Ask the underpants gnomes. 
step 1: collect underpants
step 2:
step 3: Profit

but here, it is:
Step 1: make race car
Step 2: 
Step 3: lots more HP and Tq than our cars, but 50 more horses than pound feet of tq


----------



## Katana200sx (May 13, 2002)

its just got to do with the way the engine is made. hondas bc of the vtec make a ton of hp but not alot of torque....diesels can sometimes make 500hp and 1000 ft/lbs of torque. i can tell you why exactly but its all in the engineering of the engine


----------



## chrispy (Jun 26, 2003)

i unerstand alot about that stuff
but he runs a spec v engine, and with nothing but intake headers and exaust you get about 200tq

they have obviously done more than that, but i was wondering how they got that much hp, with no more torque, my only guess is the cam's, but i dont understand how a cam effects the hp to tq ratio, or if th


----------



## chrispy (Jun 26, 2003)

ere is another way to give up tq for hp?


----------



## barnoun (May 7, 2002)

chrispy said:


> *ere is another way to give up tq for hp? *


exactly. After a certain rpm, you make more hp than torque. Lighter internals allow the engine to rev quicker, and at higher rpms(where more power can be made) for longer periods of time than stock engines can. There's a good article on nissanperformancemag.com that fully explains how cams work and make power. I think you'll find it a good read.


----------



## V Dude (Oct 22, 2002)

I noticed there was a little flame or sparks coming out of the side of Spec V Cunningham was racing. What was up with that?


----------



## Katana200sx (May 13, 2002)

probably running a little on the rich side. it's just unused fuel burning up in the pipe. his car doesnt have a cat or muffler either


----------



## chrispy (Jun 26, 2003)

yeah, they custom designed the exaust, goes out to the passengers side, when they are driving and shift down, unused fuel gets burnt late, and you get fire 

you can see it on many race cars if you look at the right time, my father has dozens of pictures from overcast days and other lowlight races where the flames really show up


----------



## Guest (Jul 22, 2003)

They use an engine mgt system like Motec, high octane race fuel, new cams, open exhaust, open intake, balanced, polished, possibly high compression pistons, and all the other good mods they can make per the rules. From what I understand they have done a lot of developement on the engine and can easily get more power at the expence of reliability. All the cars are pretty well developed for that series.

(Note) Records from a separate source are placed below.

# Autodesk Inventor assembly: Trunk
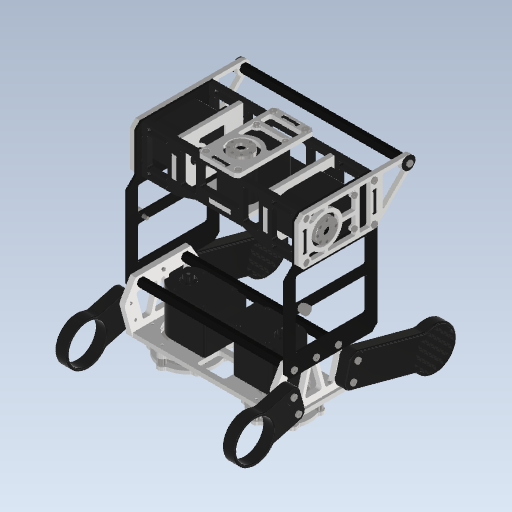
[picture p0: Inventor's stored thumbnail of the model, 512x512]
Saved by Autodesk Inventor 2020.4 (Build 244396000, 396)
## iProperties
Created: 2022-01-05
Part Number: Trunk
Document SubType Name: Assembly
Designer: Masato Kubotera
Mass: 836.462 g
Surface Area: 2738.45 cm^2
Volume: 519.507 cm^3
Density: 1.61011 g/cm^3
Author: Masato Kubotera
## Documents named in this file (26)
- C:\Users\Masato\Documents\Inventor\CIT Brains_Inventor\OpenPlatform_ver3_0 - ver4_1_prototype\UpperBody\Trunk\Trunk.iam
- C:\Users\Masato\Documents\Inventor\CIT Brains_Inventor\OpenPlatform_ver3_0 - ver4_1_prototype\ReadyMade\KONDO\B3M-SC-1040-A.ipt
- C:\Users\Masato\Documents\Inventor\CIT Brains_Inventor\OpenPlatform_ver3_0 - ver4_1_prototype\ReadyMade\KONDO\B3M-SC-1170-A.ipt
- C:\Users\Masato\Documents\Inventor\CIT Brains_Inventor\OpenPlatform_ver3_0 - ver4_1_prototype\UpperBody\Trunk\Trunk_chest_frame.ipt
- C:\Users\Masato\Documents\Inventor\CIT Brains_Inventor\OpenPlatform_ver3_0 - ver4_1_prototype\ReadyMade\InsertNut\IRU-304SW.ipt
- C:\Users\Masato\Documents\Inventor\CIT Brains_Inventor\OpenPlatform_ver3_0 - ver4_1_prototype\UpperBody\Trunk\Trunk_neck_frame.ipt
- C:\Users\Masato\Documents\Inventor\CIT Brains_Inventor\OpenPlatform_ver3_0 - ver4_1_prototype\ReadyMade\Screw\M2_6-15.ipt
- C:\Users\Masato\Documents\Inventor\CIT Brains_Inventor\OpenPlatform_ver3_0 - ver4_1_prototype\ReadyMade\Screw\M3-6.ipt
- C:\Users\Masato\Documents\Inventor\CIT Brains_Inventor\OpenPlatform_ver3_0 - ver4_1_prototype\ReadyMade\Screw\M3-8.ipt
- C:\Users\Masato\Documents\Inventor\CIT Brains_Inventor\OpenPlatform_ver3_0 - ver4_1_prototype\UpperBody\Trunk\Trunk_shoulder_frame.ipt
- C:\Users\Masato\Documents\Inventor\CIT Brains_Inventor\OpenPlatform_ver3_0 - ver4_1_prototype\UpperBody\Trunk\Trunk_upper_side_frame.ipt
- C:\Users\Masato\Documents\Inventor\CIT Brains_Inventor\OpenPlatform_ver3_0 - ver4_1_prototype\ReadyMade\Screw\M3-10.ipt
- C:\Users\Masato\Documents\Inventor\CIT Brains_Inventor\OpenPlatform_ver3_0 - ver4_1_prototype\UpperBody\Trunk\Trunk_shoulder_frame_MIR.ipt
- C:\Users\Masato\Documents\Inventor\CIT Brains_Inventor\OpenPlatform_ver3_0 - ver4_1_prototype\ReadyMade\Washer\UUW-0312-10BH.ipt
- C:\Users\Masato\Documents\Inventor\CIT Brains_Inventor\OpenPlatform_ver3_0 - ver4_1_prototype\UpperBody\Trunk\Trunk_lower_side_frame.ipt
- C:\Users\Masato\Documents\Inventor\CIT Brains_Inventor\OpenPlatform_ver3_0 - ver4_1_prototype\UpperBody\Trunk\Trunk_waisit_frame.ipt
- C:\Users\Masato\Documents\Inventor\CIT Brains_Inventor\OpenPlatform_ver3_0 - ver4_1_prototype\UpperBody\Trunk\CrossRollerBearing\BearingUnit.iam
- C:\Users\Masato\Documents\Inventor\CIT Brains_Inventor\OpenPlatform_ver3_0 - ver4_1_prototype\ReadyMade\KONDO\ClampHorn.ipt
- C:\Users\Masato\Documents\Inventor\CIT Brains_Inventor\OpenPlatform_ver3_0 - ver4_1_prototype\ReadyMade\Screw\620103008.ipt
- C:\Users\Masato\Documents\Inventor\CIT Brains_Inventor\OpenPlatform_ver3_0 - ver4_1_prototype\ReadyMade\Screw\SPNFL-BRN-M3-6.ipt
- C:\Users\Masato\Documents\Inventor\CIT Brains_Inventor\OpenPlatform_ver3_0 - ver4_1_prototype\ReadyMade\Spacer\ABLSBF7-140-M3-N3.ipt
- C:\Users\Masato\Documents\Inventor\CIT Brains_Inventor\OpenPlatform_ver3_0 - ver4_1_prototype\ReadyMade\Spacer\ABLSBF7-157-M3-N3.ipt
- C:\Users\Masato\Documents\Inventor\CIT Brains_Inventor\OpenPlatform_ver3_0 - ver4_1_prototype\ReadyMade\Spacer\BRU-309S.ipt
- C:\Users\Masato\Documents\Inventor\CIT Brains_Inventor\OpenPlatform_ver3_0 - ver4_1_prototype\UpperBody\Trunk\FrontBumper.ipt
- C:\Users\Masato\Documents\Inventor\CIT Brains_Inventor\OpenPlatform_ver3_0 - ver4_1_prototype\UpperBody\Trunk\RearBumper.ipt
- C:\Users\Masato\Documents\Inventor\CIT Brains_Inventor\OpenPlatform_ver3_0 - ver4_1_prototype\UpperBody\Trunk\Trunk_servo_bottom_frame.ipt
## Components (115 placed, 25 different names)
1. B3M-SC-1040-A:1 — 挿入:15, 挿入:16, 挿入:95, 角度:2, 挿入:116, 挿入:198
2. ClampHorn:1 — 挿入:95, 角度:2
3. B3M-SC-1040-A:2 — 挿入:43, 挿入:44, 挿入:96, 角度:3, 挿入:117, 挿入:197
4. ClampHorn:2 — 挿入:96, 角度:3
5. B3M-SC-1040-A:3 — 挿入:63, 挿入:64, 挿入:97, 角度:4, 挿入:118, 挿入:199
6. ClampHorn:3 — 挿入:97, 角度:4
7. B3M-SC-1170-A:1 — 挿入:87, 挿入:88
8. B3M-SC-1170-A:2 — 挿入:89, 挿入:90
9. Trunk_chest_frame:1 — 挿入:2, 挿入:3, 挿入:4, 挿入:6, 挿入:131
10. Trunk_chest_frame:2 — 挿入:7, 挿入:9, 挿入:10, 挿入:11, 挿入:12, 挿入:8
11. Trunk_neck_Upper_frame:1 — 挿入:15, 挿入:16, 挿入:18, 挿入:20, 挿入:25, 挿入:26, 挿入:27, 挿入:28, 挿入:202, 挿入:203
12. Trunk_upper_side_frame:1 — 挿入:29, 挿入:30, 挿入:31, 挿入:32, 挿入:33, 挿入:34, 挿入:35, 挿入:36, 挿入:5, 挿入:119, 挿入:189, 挿入:190, 挿入:193, 挿入:195, 挿入:196
13. Trunk_shoulder_frame:1 — 挿入:33, 挿入:34, 挿入:35, 挿入:36, 挿入:37, 挿入:39, 挿入:38, 挿入:40, 挿入:43, 挿入:44, 挿入:139, 挿入:200, 挿入:201
14. Trunk_upper_side_frame:2 — 挿入:52, 挿入:53, 挿入:54, 挿入:55, 挿入:56, 挿入:57, 挿入:58, 挿入:59, 挿入:120, 挿入:191, 挿入:192, 挿入:194
15. Trunk_shoulder_frame_MIR:1 — 挿入:56, 挿入:57, 挿入:58, 挿入:59, 挿入:63, 挿入:64, 挿入:65, 挿入:66, 挿入:67, 挿入:68, 挿入:71, 挿入:72, 角度:5, 挿入:141
16. UUW-0312-10BH:1 — 挿入:75, 挿入:140
17. UUW-0312-10BH:2 — 挿入:76, 挿入:142
18. Trunk_lower_side_frame:1 — 挿入:145, 挿入:146, 挿入:147, 挿入:148, 挿入:177, 挿入:178, 角度:6, 角度:7, 挿入:179, 挿入:180, 挿入:195, 挿入:196
19. Trunk_lower_side_frame:2 — 挿入:143, 挿入:144, 挿入:149, 挿入:150, 挿入:151, 挿入:152
20. Trunk_waisit_frame:1 — フラッシュ:2, フラッシュ:3, フラッシュ:4, 挿入:83, 挿入:84, 挿入:85, 挿入:86, 挿入:87, 挿入:88, 挿入:89, 挿入:90, 挿入:91, 挿入:92, 挿入:93, 挿入:94, 挿入:121, 挿入:122, 挿入:123, 挿入:124, 挿入:143, 挿入:144, 挿入:177, 挿入:178
21. BearingUnit:1 [sub-assembly] — 挿入:83, 挿入:84
22. BearingUnit:2 [sub-assembly] — 挿入:85, 挿入:86
23. ABLSBF7-140-M3-N3:1 — 角度:6, 挿入:179
24. ABLSBF7-140-M3-N3:2 — 角度:7, 挿入:180
25. ABLSBF7-157-M3-N3:1 — 角度:5, 挿入:139, 挿入:140, 挿入:141, 挿入:142
26. UUW-0312-10BH:3 — 挿入:145, 挿入:153, 挿入:181
27. UUW-0312-10BH:4 — 挿入:146, 挿入:154, 挿入:182
28. UUW-0312-10BH:5 — 挿入:147, 挿入:155, 挿入:185
29. UUW-0312-10BH:6 — 挿入:148, 挿入:156, 挿入:186
30. UUW-0312-10BH:7 — 挿入:149, 挿入:157, 挿入:187
31. UUW-0312-10BH:8 — 挿入:150, 挿入:158, 挿入:188
32. UUW-0312-10BH:9 — 挿入:152, 挿入:160, 挿入:184
33. UUW-0312-10BH:10 — 挿入:151, 挿入:159, 挿入:183
34. BRU-309S:1 — 挿入:153, 挿入:161
35. BRU-309S:2 — 挿入:154, 挿入:162
36. BRU-309S:3 — 挿入:155, 挿入:163
37. BRU-309S:4 — 挿入:156, 挿入:164
38. BRU-309S:5 — 挿入:157, 挿入:165
39. BRU-309S:6 — 挿入:158, 挿入:166
40. BRU-309S:7 — 挿入:159, 挿入:167
41. BRU-309S:8 — 挿入:160, 挿入:168
42. UUW-0312-10BH:11 — 挿入:161, 挿入:169
43. UUW-0312-10BH:12 — 挿入:162, 挿入:170
44. UUW-0312-10BH:13 — 挿入:163, 挿入:171
45. UUW-0312-10BH:14 — 挿入:164, 挿入:172
46. UUW-0312-10BH:15 — 挿入:165, 挿入:173
47. UUW-0312-10BH:16 — 挿入:166, 挿入:174
48. UUW-0312-10BH:17 — 挿入:167, 挿入:175
49. UUW-0312-10BH:18 — 挿入:168, 挿入:176
50. FrontBumper:1 — 挿入:181, 挿入:182
51. FrontBumper:2 — 挿入:183, 挿入:184
52. RearBumper:1 — 挿入:185, 挿入:186
53. RearBumper:2 — 挿入:187, 挿入:188
54. Trunk_servo_bottom_frame:1 — 挿入:198
55. Trunk_servo_bottom_frame:2 — 挿入:197
56. Trunk_servo_bottom_frame:3 — 挿入:199
57. M2_6-15:19 — 挿入:202
58. M2_6-15:20 — 挿入:203
59. M2_6-15:17 — 挿入:201
60. M2_6-15:18 — 挿入:200
61. M3-6:9 — 挿入:169
62. M3-6:10 — 挿入:170
63. M3-6:11 — 挿入:171
64. M3-6:12 — 挿入:172
65. M3-6:13 — 挿入:173
66. M3-6:14 — 挿入:174
67. M3-6:15 — 挿入:176
68. M3-6:16 — 挿入:175
69. M3-10:17 — 挿入:189
70. M3-10:18 — 挿入:190
71. M3-10:19 — 挿入:191
72. M3-10:20 — 挿入:192
73. M3-8:7 — 挿入:193
74. M3-8:8 — 挿入:194
75. M3-10:13 — 挿入:121
76. M3-10:14 — 挿入:122
77. M3-10:15 — 挿入:123
78. M3-10:16 — 挿入:124
79. SPNFL-BRN-M3-6:1 — 挿入:119
80. SPNFL-BRN-M3-6:2 — 挿入:120
81. M3-8:2 — 挿入:28
82. M3-8:1 — 挿入:27
83. M3-6:2 — 挿入:26
84. M3-6:1 — 挿入:25
85. M3-8:4 — 挿入:38
86. M3-8:3 — 挿入:37
87. M3-10:4 — 挿入:40
88. M3-10:3 — 挿入:39
89. M2_6-15:12 — 挿入:72
90. M2_6-15:11 — 挿入:71
91. M3-10:6 — 挿入:68
92. M3-10:5 — 挿入:67
93. M3-8:6 — 挿入:66
94. M3-8:5 — 挿入:65
95. M3-6:4 — 挿入:76
96. M3-6:3 — 挿入:75
97. M2_6-15:16 — 挿入:94
98. M2_6-15:15 — 挿入:93
99. M2_6-15:14 — 挿入:92
100. M2_6-15:13 — 挿入:91
101. 620103008:1 — 挿入:116
102. 620103008:2 — 挿入:117
103. 620103008:3 — 挿入:118
104. IRU-304SW:12 — 挿入:12, 挿入:53
105. IRU-304SW:11 — 挿入:11, 挿入:52
106. IRU-304SW:10 — 挿入:10, 挿入:30
107. IRU-304SW:9 — 挿入:9, 挿入:29
108. IRU-304SW:8 — 挿入:8
109. IRU-304SW:7 — 挿入:7, 挿入:18
110. IRU-304SW:6 — 挿入:6, 挿入:32
111. IRU-304SW:5 — 挿入:5, 挿入:31
112. IRU-304SW:4 — 挿入:4, 挿入:55
113. IRU-304SW:3 — 挿入:3, 挿入:54
114. IRU-304SW:2 — 挿入:2, 挿入:20
115. IRU-304SW:1 — 挿入:131
## Relationships (150: Insert 141, Angle 6, Flush 3)
- 挿入:2 [Insert]: Trunk_chest_frame:1 ↔ IRU-304SW:2
- 挿入:3 [Insert]: Trunk_chest_frame:1 ↔ IRU-304SW:3
- 挿入:4 [Insert]: Trunk_chest_frame:1 ↔ IRU-304SW:4
- 挿入:5 [Insert]: Trunk_upper_side_frame:1 ↔ IRU-304SW:5
- 挿入:6 [Insert]: Trunk_chest_frame:1 ↔ IRU-304SW:6
- 挿入:7 [Insert]: Trunk_chest_frame:2 ↔ IRU-304SW:7
- 挿入:8 [Insert]: Trunk_chest_frame:2 ↔ IRU-304SW:8
- 挿入:9 [Insert]: Trunk_chest_frame:2 ↔ IRU-304SW:9
- 挿入:10 [Insert]: Trunk_chest_frame:2 ↔ IRU-304SW:10
- 挿入:11 [Insert]: Trunk_chest_frame:2 ↔ IRU-304SW:11
- 挿入:12 [Insert]: Trunk_chest_frame:2 ↔ IRU-304SW:12
- 挿入:15 [Insert]: B3M-SC-1040-A:1 ↔ Trunk_neck_Upper_frame:1
- 挿入:16 [Insert]: B3M-SC-1040-A:1 ↔ Trunk_neck_Upper_frame:1
- 挿入:18 [Insert]: Trunk_neck_Upper_frame:1 ↔ IRU-304SW:7
- 挿入:20 [Insert]: Trunk_neck_Upper_frame:1 ↔ IRU-304SW:2
- 挿入:25 [Insert]: Trunk_neck_Upper_frame:1 ↔ M3-6:1
- 挿入:26 [Insert]: Trunk_neck_Upper_frame:1 ↔ M3-6:2
- 挿入:27 [Insert]: Trunk_neck_Upper_frame:1 ↔ M3-8:1
- 挿入:28 [Insert]: Trunk_neck_Upper_frame:1 ↔ M3-8:2
- 挿入:29 [Insert]: Trunk_upper_side_frame:1 ↔ IRU-304SW:9
- 挿入:30 [Insert]: Trunk_upper_side_frame:1 ↔ IRU-304SW:10
- 挿入:31 [Insert]: Trunk_upper_side_frame:1 ↔ IRU-304SW:5
- 挿入:32 [Insert]: Trunk_upper_side_frame:1 ↔ IRU-304SW:6
- 挿入:33 [Insert]: Trunk_upper_side_frame:1 ↔ Trunk_shoulder_frame:1
- 挿入:34 [Insert]: Trunk_upper_side_frame:1 ↔ Trunk_shoulder_frame:1
- 挿入:35 [Insert]: Trunk_upper_side_frame:1 ↔ Trunk_shoulder_frame:1
- 挿入:36 [Insert]: Trunk_upper_side_frame:1 ↔ Trunk_shoulder_frame:1
- 挿入:37 [Insert]: Trunk_shoulder_frame:1 ↔ M3-8:3
- 挿入:39 [Insert]: Trunk_shoulder_frame:1 ↔ M3-10:3
- 挿入:38 [Insert]: Trunk_shoulder_frame:1 ↔ M3-8:4
- 挿入:40 [Insert]: Trunk_shoulder_frame:1 ↔ M3-10:4
- 挿入:43 [Insert]: B3M-SC-1040-A:2 ↔ Trunk_shoulder_frame:1
- 挿入:44 [Insert]: B3M-SC-1040-A:2 ↔ Trunk_shoulder_frame:1
- 挿入:52 [Insert]: Trunk_upper_side_frame:2 ↔ IRU-304SW:11
- 挿入:53 [Insert]: Trunk_upper_side_frame:2 ↔ IRU-304SW:12
- 挿入:54 [Insert]: Trunk_upper_side_frame:2 ↔ IRU-304SW:3
- 挿入:55 [Insert]: Trunk_upper_side_frame:2 ↔ IRU-304SW:4
- 挿入:56 [Insert]: Trunk_upper_side_frame:2 ↔ Trunk_shoulder_frame_MIR:1
- 挿入:57 [Insert]: Trunk_upper_side_frame:2 ↔ Trunk_shoulder_frame_MIR:1
- 挿入:58 [Insert]: Trunk_upper_side_frame:2 ↔ Trunk_shoulder_frame_MIR:1
- 挿入:59 [Insert]: Trunk_upper_side_frame:2 ↔ Trunk_shoulder_frame_MIR:1
- 挿入:63 [Insert]: B3M-SC-1040-A:3 ↔ Trunk_shoulder_frame_MIR:1
- 挿入:64 [Insert]: B3M-SC-1040-A:3 ↔ Trunk_shoulder_frame_MIR:1
- 挿入:65 [Insert]: Trunk_shoulder_frame_MIR:1 ↔ M3-8:5
- 挿入:66 [Insert]: Trunk_shoulder_frame_MIR:1 ↔ M3-8:6
- 挿入:67 [Insert]: Trunk_shoulder_frame_MIR:1 ↔ M3-10:5
- 挿入:68 [Insert]: Trunk_shoulder_frame_MIR:1 ↔ M3-10:6
- 挿入:71 [Insert]: Trunk_shoulder_frame_MIR:1 ↔ M2_6-15:11
- 挿入:72 [Insert]: Trunk_shoulder_frame_MIR:1 ↔ M2_6-15:12
- 挿入:75 [Insert]: UUW-0312-10BH:1 ↔ M3-6:3
- 挿入:76 [Insert]: UUW-0312-10BH:2 ↔ M3-6:4
- フラッシュ:2 [Flush]: Trunk_waisit_frame:1
- フラッシュ:3 [Flush]: Trunk_waisit_frame:1
- フラッシュ:4 [Flush]: Trunk_waisit_frame:1
- 挿入:83 [Insert]: Trunk_waisit_frame:1 ↔ BearingUnit:1
- 挿入:84 [Insert]: Trunk_waisit_frame:1 ↔ BearingUnit:1
- 挿入:85 [Insert]: Trunk_waisit_frame:1 ↔ BearingUnit:2
- 挿入:86 [Insert]: Trunk_waisit_frame:1 ↔ BearingUnit:2
- 挿入:87 [Insert]: B3M-SC-1170-A:1 ↔ Trunk_waisit_frame:1
- 挿入:88 [Insert]: B3M-SC-1170-A:1 ↔ Trunk_waisit_frame:1
- 挿入:89 [Insert]: B3M-SC-1170-A:2 ↔ Trunk_waisit_frame:1
- 挿入:90 [Insert]: B3M-SC-1170-A:2 ↔ Trunk_waisit_frame:1
- 挿入:91 [Insert]: Trunk_waisit_frame:1 ↔ M2_6-15:13
- 挿入:92 [Insert]: Trunk_waisit_frame:1 ↔ M2_6-15:14
- 挿入:93 [Insert]: Trunk_waisit_frame:1 ↔ M2_6-15:15
- 挿入:94 [Insert]: Trunk_waisit_frame:1 ↔ M2_6-15:16
- 挿入:95 [Insert]: B3M-SC-1040-A:1 ↔ ClampHorn:1
- 挿入:96 [Insert]: B3M-SC-1040-A:2 ↔ ClampHorn:2
- 挿入:97 [Insert]: B3M-SC-1040-A:3 ↔ ClampHorn:3
- 角度:2 [Angle] (0 deg): B3M-SC-1040-A:1 ↔ ClampHorn:1
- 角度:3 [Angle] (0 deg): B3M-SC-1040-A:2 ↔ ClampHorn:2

There is also the Archangel/Lamz team running two Nissan Sentra SE-R's in the Grand Am cup series. 

http://www.archangelmotorsports.com/


----------



## chrispy (Jun 26, 2003)

thanks for the link with info on cams, it was very interresting

Chris


----------



## Guest (Jul 23, 2003)

Some photos if anybody is interested... These came from the Grand Am Cup race at Mid Ohio. The cars will next be running at Virginia International Raceway (VIR) on October 4.

http://www.theracesite.com/photocap...ostj2-&pic_id=10&form_article=5501&form_cat=5

http://www.theracesite.com/photocap...ostj2-&pic_id=11&form_article=5501&form_cat=5


----------



## barnoun (May 7, 2002)

nice pics


----------



## FletchSpecV (Nov 26, 2002)

I would just like to say that that is awesome, . Later,
Fletch


----------